For the engineers the uncertainty might be caused by fear of failure, not being able to predict the outcome due to complexity, rushed on preparation to meet a deadline, or a litany of other reasons.
For managers and business leaders it might be more along the lines of; what happens if this goes wrong, how will this effect my bottom line, are there going to be 1000s of trouble tickets come 8/9am when everyone hits the office, and so on.
The Preparation
We’re going to look at this at the perspective of the engineer throughout. The prep work is probably one of the most important pieces of success. This is where you do many things including but not limited to:
building and testing the configuration to be implemented
making a rollback plan — this might be something as simple as move a cable and shut an interface or a multistep/multi-device plan
know the situation surrounding the window
Lets explore understanding the situation surrounding the window a some more. I’ll use some real examples here to help.
We were getting ready to change the internet edge deployment at an enterprise. We did all the prep and rollback planning. However, we were given a few constraints on downtime by the business. Additionally, all of the product teams had to join the call for verification due to the impact of the, relatively small, routing change. The next opportunity was going to be a few months out due to change freezes and the coordination of resources necessary.
So what did we learn by engaging outside of the technical realm?
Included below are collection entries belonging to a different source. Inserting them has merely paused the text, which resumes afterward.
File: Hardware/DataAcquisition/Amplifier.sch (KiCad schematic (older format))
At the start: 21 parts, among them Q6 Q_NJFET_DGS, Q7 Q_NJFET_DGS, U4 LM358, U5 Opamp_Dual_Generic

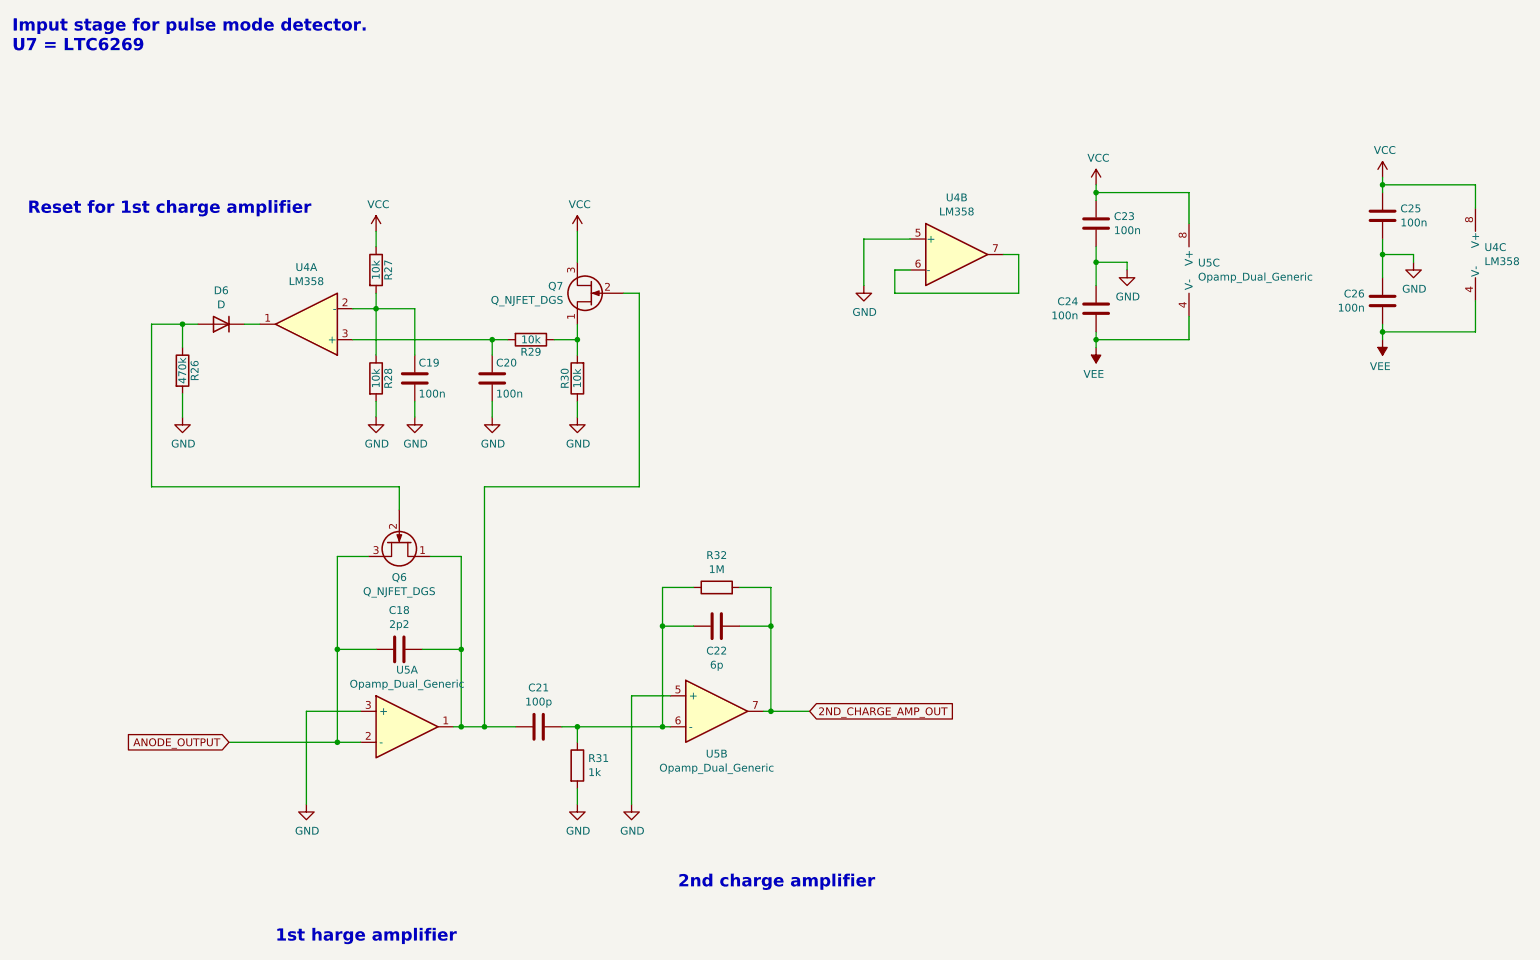
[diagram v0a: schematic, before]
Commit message: Clarify architecture of acquisition module (#80), removed obsolete files
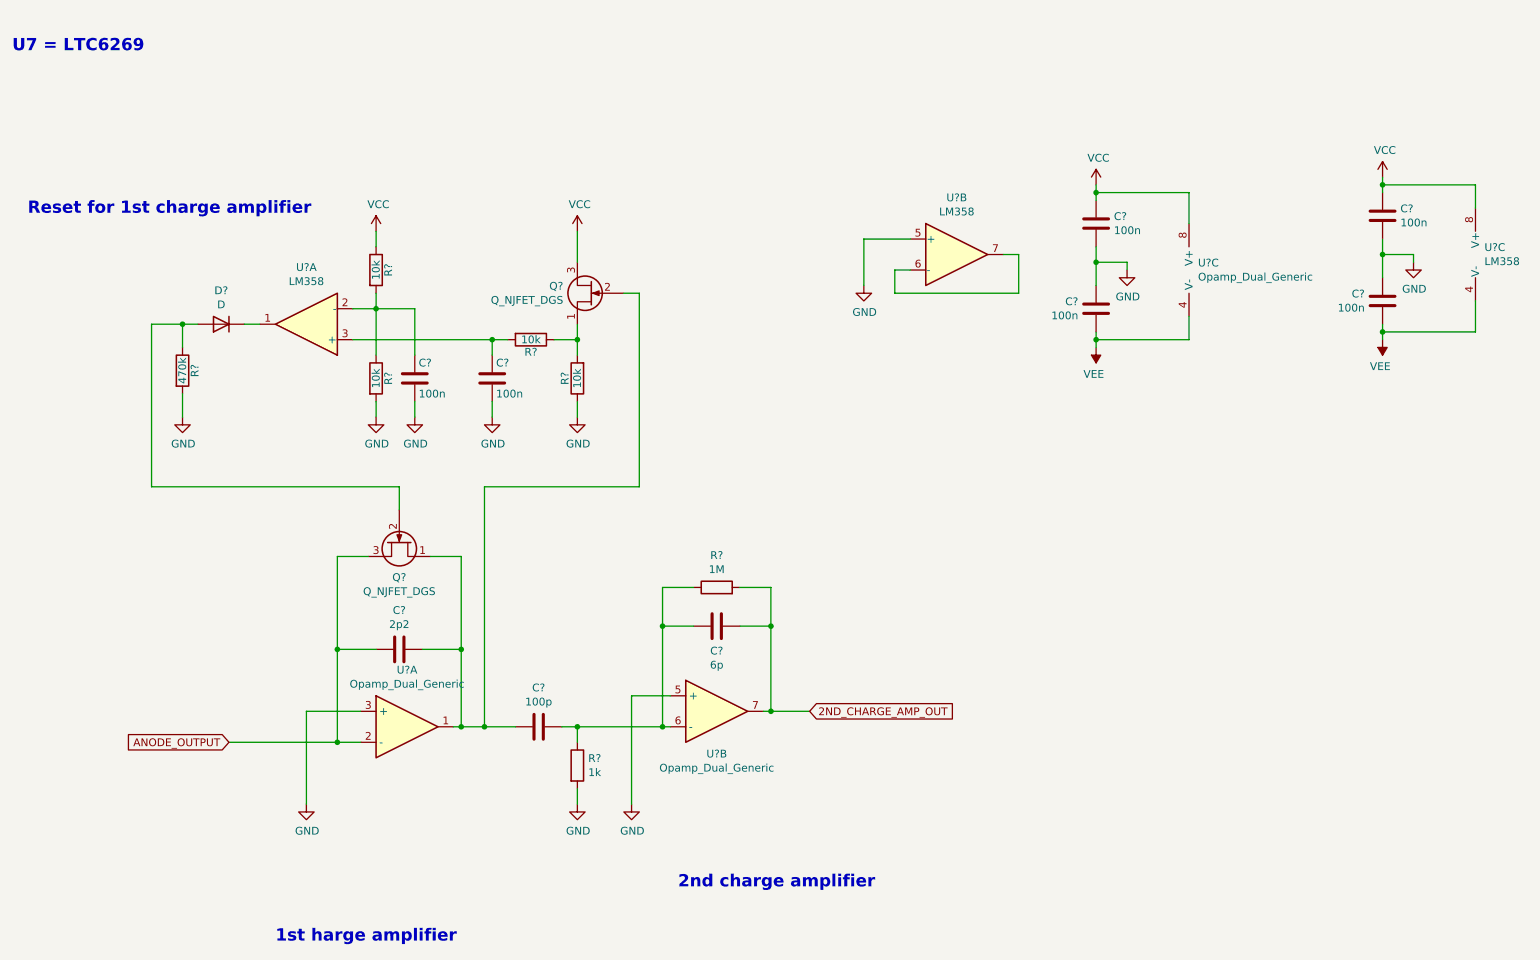
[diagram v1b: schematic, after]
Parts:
- renumbered D6 to D?, Q6 to Q?, Q7 to Q?, U5 to U?, U4 to U?
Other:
- note added: "U7 = LTC6269"
- note removed: "Imput stage for pulse mode detector.\nU7 = LTC6269"

We had tight timeframes which placed an increased emphasis on planning
We needed to have plans for things that could go wrong and resolution paths based on downtime constraints
although a low impact routing change it was a high impact business change
We needed to have clearly defined decision points on what would be cause for a rollback
The Execution
All the prep is done and it’s time to execute the change. We put in the first couple lines of the script and everything is going well. We get to the point where we need to clean up the old configuration. Then every engineers nightmare happens – everything starts to go down.
Okay what do we do now, we know based on the situation we don’t have a lot of time to work through the problem. We need to stay calm and start working through our decision trees made during the planning process.
Some quick troubleshooting revealed when we removed the no longer used virtual routing and forwarding (VRF) instance it shutdown the ports that we now in the global table. We put the VRF back, still unused, everything began to work as expected again.
Next the debate began, should we get TAC on the line to assist. There were still a few items to knock out in the change window to avoid a complete rollback. A majority of people wanted to “chase the rabbit” of what caused the VRF deletion to bring down the interface. However, this would not be a good use of our time. If we got TAC on the line and began to go down that rabbit hole there is no telling where it would have gone or how long it would have taken. The facts were leaving the unused VRF, although annoying to have extra config, didn’t effect performance as far as we could tell and we needed to get through the rest of the migration.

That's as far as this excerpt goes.